MaCop.....JHC huh? Are you sure you're not talking about Taunton instead of Quincy????


----------



## jay-z (Dec 5, 2003)

Macop";p="53908 said:


> From what I have heard Abington recently got a new chief who is supposedly very squared away, maybe the officer wanted to work for him?


 Not a new Chief he was the Deputy Chief/ acting Chief and the current PT instructor in the Weymouth Academy which I'm proud to say I graduated from.. I would also work for him given the chance...


----------



## jay-z (Dec 5, 2003)

jay-z";p="56545 said:


> Macop";p="53908 said:
> 
> 
> > From what I have heard Abington recently got a new chief who is supposedly very squared away, maybe the officer wanted to work for him?
> ...


----------



## Macop (May 2, 2002)

I heard that,, one of my co-workers had him as p/t instructor in the academy. Hey Mitpo62 thats the story of my life in this god forsaken hell hole of a state. I kick myself in the head for every day I dont go south or west, what the hell am I waiting for?


----------



## j809 (Jul 5, 2002)

TrueBlue1997";p="53884 said:


> The last lateral was from Abington PD, word is it was a very political move, inside job with the mayor etc etc....but for whatever reason he went back to Abington PD from QPD after a short time (2 yrs ?)....why he left is anyone's guess


He was one of the officers with the WaterWorks incident in Quincy.After that it was a good move to go back where he came from.


----------



## evidence (Jul 24, 2002)

Not that I know him first hand but word through the grapevine was that that lateral from Abington was a bag with a serious complex who was known to flash the tin a few too many times at bars and may have ruined it for many other hopefull laterals for years to come.


----------



## RoadDog32 (Dec 28, 2004)

Anyone know what # QPD got to on the civil service list...and what # they might go up to for the new 15-20 hires they might put on?


----------



## tripleplay (Aug 29, 2004)

What about the lay off list?


----------



## j809 (Jul 5, 2002)

evidence";p="56575 said:


> Not that I know him first hand but word through the grapevine was that that lateral from Abington was a bag with a serious complex who was known to flash the tin a few too many times at bars and may have ruined it for many other hopefull laterals for years to come.
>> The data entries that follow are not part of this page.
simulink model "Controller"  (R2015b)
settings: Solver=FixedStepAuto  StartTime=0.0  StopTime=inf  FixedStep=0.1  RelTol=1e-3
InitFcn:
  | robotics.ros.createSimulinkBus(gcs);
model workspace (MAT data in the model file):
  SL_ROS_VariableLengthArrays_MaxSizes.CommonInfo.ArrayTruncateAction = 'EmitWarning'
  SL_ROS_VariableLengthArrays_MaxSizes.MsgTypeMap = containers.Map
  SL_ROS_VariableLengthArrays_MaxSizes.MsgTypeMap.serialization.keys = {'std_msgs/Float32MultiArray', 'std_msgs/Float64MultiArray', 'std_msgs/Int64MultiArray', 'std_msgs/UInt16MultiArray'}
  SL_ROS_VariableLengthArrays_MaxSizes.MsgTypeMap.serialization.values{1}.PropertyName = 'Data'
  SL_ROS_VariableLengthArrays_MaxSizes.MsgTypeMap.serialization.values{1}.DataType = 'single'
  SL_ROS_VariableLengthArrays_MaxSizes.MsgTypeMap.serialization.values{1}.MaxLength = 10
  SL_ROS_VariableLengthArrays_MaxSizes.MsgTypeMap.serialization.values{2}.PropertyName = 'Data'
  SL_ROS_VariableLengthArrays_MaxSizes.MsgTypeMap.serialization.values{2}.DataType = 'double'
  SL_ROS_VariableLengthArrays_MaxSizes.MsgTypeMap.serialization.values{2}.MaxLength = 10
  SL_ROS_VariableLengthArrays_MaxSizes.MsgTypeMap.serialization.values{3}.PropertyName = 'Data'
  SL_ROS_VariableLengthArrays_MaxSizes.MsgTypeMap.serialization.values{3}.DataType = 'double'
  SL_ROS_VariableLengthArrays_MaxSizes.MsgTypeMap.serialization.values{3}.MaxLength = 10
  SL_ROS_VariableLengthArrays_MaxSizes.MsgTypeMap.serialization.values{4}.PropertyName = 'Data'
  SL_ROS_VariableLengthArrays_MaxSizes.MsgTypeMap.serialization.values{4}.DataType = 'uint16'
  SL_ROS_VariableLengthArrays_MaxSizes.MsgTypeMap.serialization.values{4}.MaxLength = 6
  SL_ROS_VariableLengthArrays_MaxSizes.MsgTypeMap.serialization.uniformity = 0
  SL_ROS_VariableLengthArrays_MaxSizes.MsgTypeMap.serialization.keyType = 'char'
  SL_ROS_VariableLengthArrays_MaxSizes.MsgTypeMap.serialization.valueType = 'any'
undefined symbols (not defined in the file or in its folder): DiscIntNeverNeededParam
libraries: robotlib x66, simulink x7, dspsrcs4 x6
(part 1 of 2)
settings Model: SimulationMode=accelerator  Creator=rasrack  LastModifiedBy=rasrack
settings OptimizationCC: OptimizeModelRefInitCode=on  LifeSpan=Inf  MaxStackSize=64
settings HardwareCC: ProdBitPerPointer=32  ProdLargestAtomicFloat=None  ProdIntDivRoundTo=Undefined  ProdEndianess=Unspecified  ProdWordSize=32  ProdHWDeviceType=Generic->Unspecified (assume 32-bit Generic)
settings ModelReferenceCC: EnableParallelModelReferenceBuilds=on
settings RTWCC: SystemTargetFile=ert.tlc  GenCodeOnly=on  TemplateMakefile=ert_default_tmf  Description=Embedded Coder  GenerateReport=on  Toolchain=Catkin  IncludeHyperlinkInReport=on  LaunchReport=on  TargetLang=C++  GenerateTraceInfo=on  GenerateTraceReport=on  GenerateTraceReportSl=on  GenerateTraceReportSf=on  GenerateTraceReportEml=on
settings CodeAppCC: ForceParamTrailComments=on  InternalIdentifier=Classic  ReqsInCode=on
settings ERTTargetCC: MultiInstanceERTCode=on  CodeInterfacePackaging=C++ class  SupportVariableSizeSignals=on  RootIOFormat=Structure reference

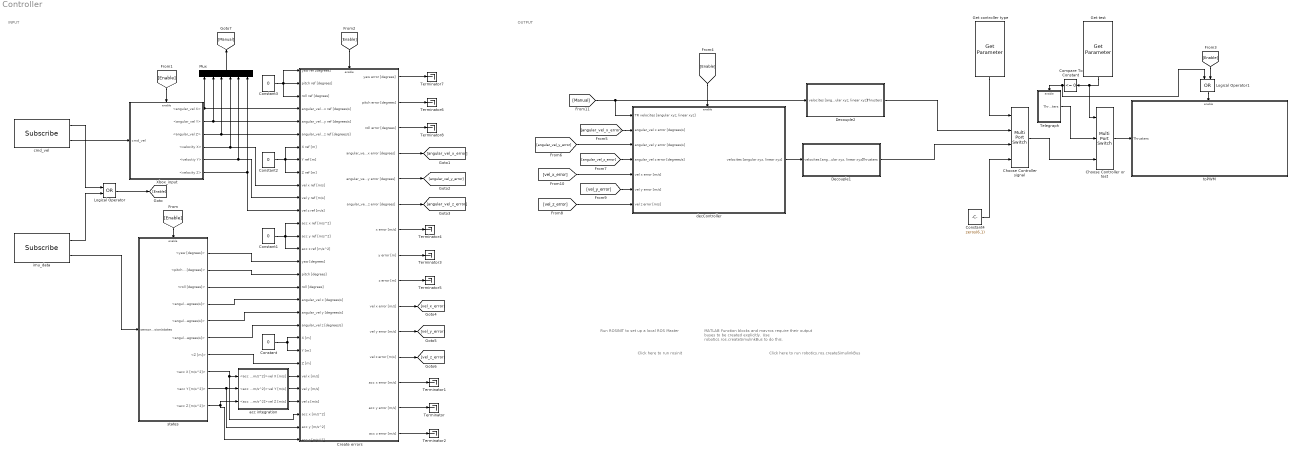
== system Controller ==
  note: INPUT
  note: OUTPUT
  note: Click here to run
      | robotics.ros.createSimulinkBus
  note: Run ROSINIT to set up a local ROS Master
  note: MATLAB Function blocks and mavros require their output buses to be created explicitly. Use robotics.ros.createSimulinkBus to do this.
  note: Click here to run
      | rosinit
  Choose Controller or test : MultiPortSwitch  DataPortOrder=Specify indices  DataPortIndices={0,1}
  Choose Controller signal : MultiPortSwitch  DataPortOrder=Specify indices  DataPortIndices={0,1,2}
  Compare To Constant : simulink/Logic and Bit Operations/Compare To Constant  relop=<=  const=0  OutDataTypeStr=boolean
  Constant{,1..3} (4 alike) : Constant  Value=0
  Constant4 : Constant  Value=zeros(6,1)
  Create errors : Subsystem
  Decouple1 : Subsystem
  Decouple2 : Subsystem
  Get controller type : robotlib/Get Parameter  SourceLibraryInfo=This block requires Robotics System Toolbox  ParameterSource=Select from ROS network  ParameterName=/matlab_controller/controller  ParameterType=int32  ParameterInitialValue=0  SampleTime=-1  ShowErrorCodeOutput=off  ModelName=Controller_without_ref  BlockId=ParamGet_Controller_without_ref_106
  Get test : robotlib/Get Parameter  SourceLibraryInfo=This block requires Robotics System Toolbox  ParameterSource=Specify your own  ParameterName=/matlab_controller/test  ParameterType=int32  ParameterInitialValue=1  SampleTime=-1  ShowErrorCodeOutput=off  ModelName=Controller_without_ref  BlockId=ParamGet_Controller_without_ref_823
  Logical Operator : Logic  Operator=OR  AllPortsSameDT=off  OutDataTypeStr=boolean
  Logical Operator1 : Logic  Operator=OR  AllPortsSameDT=off  OutDataTypeStr=boolean
  Mux : Mux  Inputs=6
  Telegraph : Subsystem
  Terminator{,1..8} (9 alike) : Terminator
  Xbox_input : Subsystem
  acc integration : Subsystem
  cmd_vel : robotlib/Subscribe  SourceLibraryInfo=This block requires Robotics System Toolbox  topicSource=Select from ROS network  topic=/cmd_vel  messageType=geometry_msgs/Twist  sampleTime=-1  messageQueueLength=10
  decController : Subsystem
  imu_data : robotlib/Subscribe  SourceLibraryInfo=This block requires Robotics System Toolbox  topicSource=Specify your own  topic=/sensor_fusion/states  messageType=std_msgs/Float64MultiArray  sampleTime=-1  messageQueueLength=10
  states : Subsystem  TreatAsAtomicUnit=on
  toPWM : Subsystem
  wires:
  cmd_vel/2 -> Xbox_input/1(cmd_vel)
  cmd_vel/1 -> Logical Operator/1
  imu_data/1 -> Logical Operator/2
  imu_data/2 -> states/1(sensor_fusion/states)
  Get controller type/1 -> Choose Controller signal/1
  Xbox_input/1(<angular_vel X>) -> Create errors/4(angular_vel x ref [degrees/s]), Mux/1
  Xbox_input/2(<angular_vel Y>) -> Mux/2, Create errors/5(angular_vel y ref [degrees/s])
  Xbox_input/3("<angular_vel Z> ") -> Mux/3, Create errors/6("angular_vel z ref [degrees/s] ")
  Xbox_input/4(<velocity X>) -> Mux/4, Create errors/10(vel x ref [m/s])
  Xbox_input/5(<veloctiy Y>) -> Mux/5, Create errors/11(vel y ref [m/s])
  Xbox_input/6(<velocity Z>) -> Create errors/12(vel z ref [m/s]), Mux/6
  states/1(<yaw [degrees]>) -> Create errors/16("yaw [degrees]  ")
  states/2(<pitch [degrees]>) -> Create errors/17(pitch [degrees])
  states/3(<roll [degrees]>) -> Create errors/18(roll [degrees])
  states/4(<angular_vel X [degrees/s]>) -> Create errors/19("angular_vel x [degrees/s]  ")
  states/5(<angular_vel Y [degrees/s]>) -> Create errors/20("angular_vel y [degrees/s] ")
  states/6(<angular_vel Z [degrees/s]>) -> Create errors/21(angular_vel z [degrees/s])
  Constant/1 -> Create errors/23(Y [m]), Create errors/22(X [m])
  acc integration/2(vel Y [m/s]) -> Create errors/26(vel y [m/s])
  acc integration/1("vel X [m/s] ") -> Create errors/25(vel x [m/s])
  acc integration/3(vel Z [m/s]) -> Create errors/27(vel z [m/s])
  states/8(<acc X [m/s^2]>) -> Create errors/28(acc x [m/s^2]), acc integration/1("<acc X [m/s^2]> ")
  states/9(<acc Y [m/s^2]>) -> Create errors/29(acc y [m/s^2]), acc integration/2(<acc Y [m/s^2]>)
  states/10(<acc Z [m/s^2]>) -> Create errors/30(acc z [m/s^2]), acc integration/3(<acc Z [m/s^2]>)
  Constant1/1 -> Create errors/15(acc z ref [m/s^2]), Create errors/13(acc x ref [m/s^2]), Create errors/14(acc y ref [m/s^2])
  Constant2/1 -> Create errors/9(Z ref [m]), Create errors/7(X ref [m]), Create errors/8(Y ref [m])
  Constant3/1 -> Create errors/1("yaw ref [degrees] "), Create errors/3(roll ref [degrees]), Create errors/2("pitch ref [degrees] ")
  Create errors/14(acc y error [m/s]) -> Terminator/1
  Create errors/13(acc x error [m/s]) -> Terminator1/1
  Create errors/15(acc z error [m/s]) -> Terminator2/1
  Create errors/8(y error [m]) -> Terminator3/1
  Create errors/7(x error [m/s]) -> Terminator4/1
  Create errors/9(z error [m]) -> Terminator5/1
  Create errors/2(pitch error [degrees]) -> Terminator6/1
  Create errors/1(yaw error [degrees]) -> Terminator7/1
  Create errors/3(roll error [degrees]) -> Terminator8/1
  Constant4/1 -> Choose Controller signal/4
  Logical Operator/1 -> [Enable]
  [Enable] -> states/Enable
  [Enable] -> Xbox_input/Enable
  [Enable] -> Create errors/Enable
  [Enable] -> decController/Enable
  Create errors/4(angular_vel x error [degrees]) -> [angular_vel_x_error]
  Create errors/5(angular_vel y error [degrees]) -> [angular_vel_y_error]
  Create errors/6(angular_vel z error [degrees]) -> [angular_vel_z_error]
  [angular_vel_x_error] -> decController/2("angular_vel x error [degrees/s] ")
  [angular_vel_y_error] -> decController/3(angular_vel y error [degrees/s])
  [angular_vel_z_error] -> decController/4(angular_vel z error [degrees/s])
  Create errors/10(vel x error [m/s]) -> [vel_x_error]
  Create errors/11(vel y error [m/s]) -> [vel_y_error]
  Create errors/12(vel z error [m/s]) -> [vel_z_error]
  [vel_z_error] -> decController/7("vel z error [m/s] ")
  [vel_y_error] -> decController/6("vel y error [m/s] ")
  [vel_x_error] -> decController/5("vel x error [m/s] ")
  Mux/1 -> [Manual]
  [Manual] -> Decouple2/1("velocites [angular xyz, linear xyz]    "), decController/1("TR velocites [angular xyz, linear xyz]  ")
  states/7(<Z [m]>) -> Create errors/24(Z [m])
  decController/1("velocites [angular xyz, linear xyz]") -> Decouple1/1("velocites [angular xyz, linear xyz]    ")
  Decouple1/1(Thrusters) -> Choose Controller signal/3
  Decouple2/1(Thrusters) -> Choose Controller signal/2
  Telegraph/1(Thrusters) -> Choose Controller or test/2
  Compare To Constant/1 -> Telegraph/Enable, Logical Operator1/1
  Choose Controller signal/1 -> Choose Controller or test/3
  [Enable] -> Logical Operator1/2
  Logical Operator1/1 -> toPWM/Enable
  Choose Controller or test/1 -> toPWM/1(Thrusters)
  Get test/1 -> Compare To Constant/1, Choose Controller or test/1

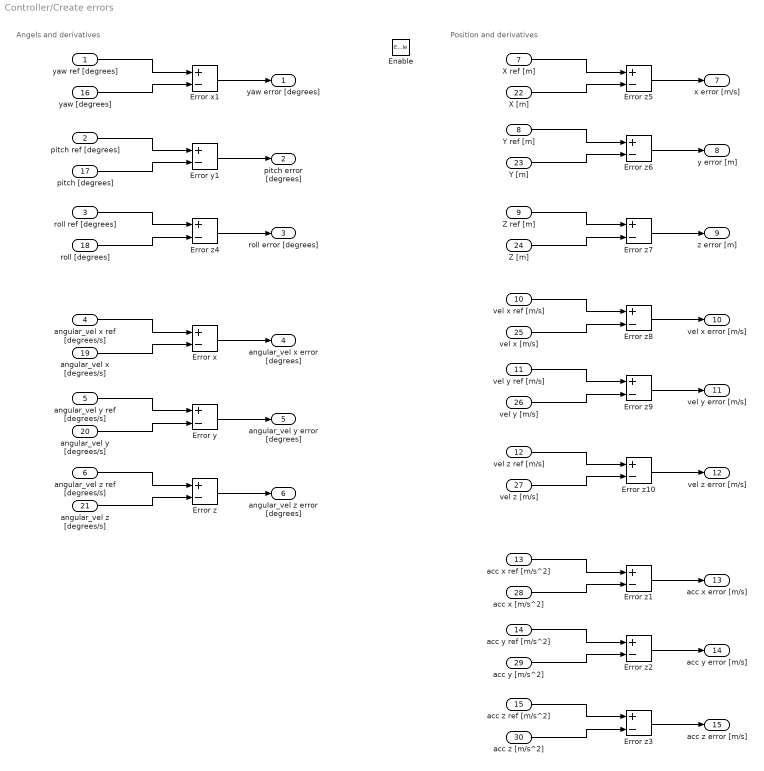
== system Controller/Create errors ==
  note: Position and derivatives
  note: Angels and derivatives
  "yaw ref [degrees] " : Inport
  "pitch ref [degrees] " : Inport  Port=2
  roll ref [degrees] : Inport  Port=3
  angular_vel x ref [degrees/s] : Inport  Port=4
  angular_vel y ref [degrees/s] : Inport  Port=5
  "angular_vel z ref [degrees/s] " : Inport  Port=6
  X ref [m] : Inport  Port=7
  Y ref [m] : Inport  Port=8
  Z ref [m] : Inport  Port=9
  vel x ref [m/s] : Inport  Port=10
  vel y ref [m/s] : Inport  Port=11
  vel z ref [m/s] : Inport  Port=12
  acc x ref [m/s^2] : Inport  Port=13
  acc y ref [m/s^2] : Inport  Port=14
  acc z ref [m/s^2] : Inport  Port=15
  "yaw [degrees]  " : Inport  Port=16
  pitch [degrees] : Inport  Port=17
  roll [degrees] : Inport  Port=18
  "angular_vel x [degrees/s]  " : Inport  Port=19
  "angular_vel y [degrees/s] " : Inport  Port=20
  angular_vel z [degrees/s] : Inport  Port=21
  X [m] : Inport  Port=22
  Y [m] : Inport  Port=23
  Z [m] : Inport  Port=24
  vel x [m/s] : Inport  Port=25
  vel y [m/s] : Inport  Port=26
  vel z [m/s] : Inport  Port=27
  acc x [m/s^2] : Inport  Port=28
  acc y [m/s^2] : Inport  Port=29
  acc z [m/s^2] : Inport  Port=30
  Enable : EnablePort
  Error x : Sum  Inputs=+-
  Error x1 : Sum  Inputs=+-
  Error y : Sum  Inputs=+-
  Error y1 : Sum  Inputs=+-
  Error z{,1..10} (11 alike) : Sum  Inputs=+-
  yaw error [degrees] : Outport
  pitch error [degrees] : Outport  Port=2
  roll error [degrees] : Outport  Port=3
  angular_vel x error [degrees] : Outport  Port=4
  angular_vel y error [degrees] : Outport  Port=5
  angular_vel z error [degrees] : Outport  Port=6
  x error [m/s] : Outport  Port=7
  y error [m] : Outport  Port=8
  z error [m] : Outport  Port=9
  vel x error [m/s] : Outport  Port=10
  vel y error [m/s] : Outport  Port=11
  vel z error [m/s] : Outport  Port=12
  acc x error [m/s] : Outport  Port=13
  acc y error [m/s] : Outport  Port=14
  acc z error [m/s] : Outport  Port=15
  wires:
  angular_vel x ref [degrees/s]/1 -> Error x/1
  "angular_vel x [degrees/s]  "/1 -> Error x/2
  Error x/1 -> angular_vel x error [degrees]/1
  angular_vel y ref [degrees/s]/1 -> Error y/1
  "angular_vel y [degrees/s] "/1 -> Error y/2
  Error y/1 -> angular_vel y error [degrees]/1
  "angular_vel z ref [degrees/s] "/1 -> Error z/1
  angular_vel z [degrees/s]/1 -> Error z/2
  Error z/1 -> angular_vel z error [degrees]/1
  acc x ref [m/s^2]/1 -> Error z1/1
  acc x [m/s^2]/1 -> Error z1/2
  Error z1/1 -> acc x error [m/s]/1
  acc y ref [m/s^2]/1 -> Error z2/1
  acc y [m/s^2]/1 -> Error z2/2
  Error z2/1 -> acc y error [m/s]/1
  acc z ref [m/s^2]/1 -> Error z3/1
  acc z [m/s^2]/1 -> Error z3/2
  Error z3/1 -> acc z error [m/s]/1
  "yaw ref [degrees] "/1 -> Error x1/1
  "yaw [degrees]  "/1 -> Error x1/2
  Error x1/1 -> yaw error [degrees]/1
  "pitch ref [degrees] "/1 -> Error y1/1
  pitch [degrees]/1 -> Error y1/2
  Error y1/1 -> pitch error [degrees]/1
  roll ref [degrees]/1 -> Error z4/1
  roll [degrees]/1 -> Error z4/2
  Error z4/1 -> roll error [degrees]/1
  X ref [m]/1 -> Error z5/1
  X [m]/1 -> Error z5/2
  Error z5/1 -> x error [m/s]/1
  Y ref [m]/1 -> Error z6/1
  Y [m]/1 -> Error z6/2
  Error z6/1 -> y error [m]/1
  Z ref [m]/1 -> Error z7/1
  Z [m]/1 -> Error z7/2
  Error z7/1 -> z error [m]/1
  vel x ref [m/s]/1 -> Error z8/1
  vel x [m/s]/1 -> Error z8/2
  Error z8/1 -> vel x error [m/s]/1
  vel y ref [m/s]/1 -> Error z9/1
  vel y [m/s]/1 -> Error z9/2
  Error z9/1 -> vel y error [m/s]/1
  vel z ref [m/s]/1 -> Error z10/1
  vel z [m/s]/1 -> Error z10/2
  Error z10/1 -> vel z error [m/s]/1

You hit the nail on the head, that's who he is. His lateral was easier than others, his old man was the president of IBEW and this kid had more dimes than anybody I know. He was supposed to go MSP but after Waterworks that would never happen, even with a roll of silver dollars.


----------



## Guest (Feb 16, 2005)

Yeah, but atleast he got to try on their Super Bowl rings.


----------



## Foxracingmtnridr (Feb 23, 2003)

http://64.233.161.104/search?q=cach...aterworks+quincy+super+bowl+ring+police&hl=en

Here's an article about it in the weekly dig.

Scott :rock:


----------



## evidence (Jul 24, 2002)

Wow, although I hate anti-cop articles the weekly dig made a few good points minus the grammatical errors.

Again, although I do not personally know this lateral turned waterworks celebrity and I did not witness anything, I did hear that he was at a piano bar in boston and was in a bidding war for the piano player to play his song with another guy. The other guy outbid him and officer streetlight flashed his badge to try to get the piano player to play his song anyway (complex). The other guy laughed at his Abington badge and punched him in the face. haha.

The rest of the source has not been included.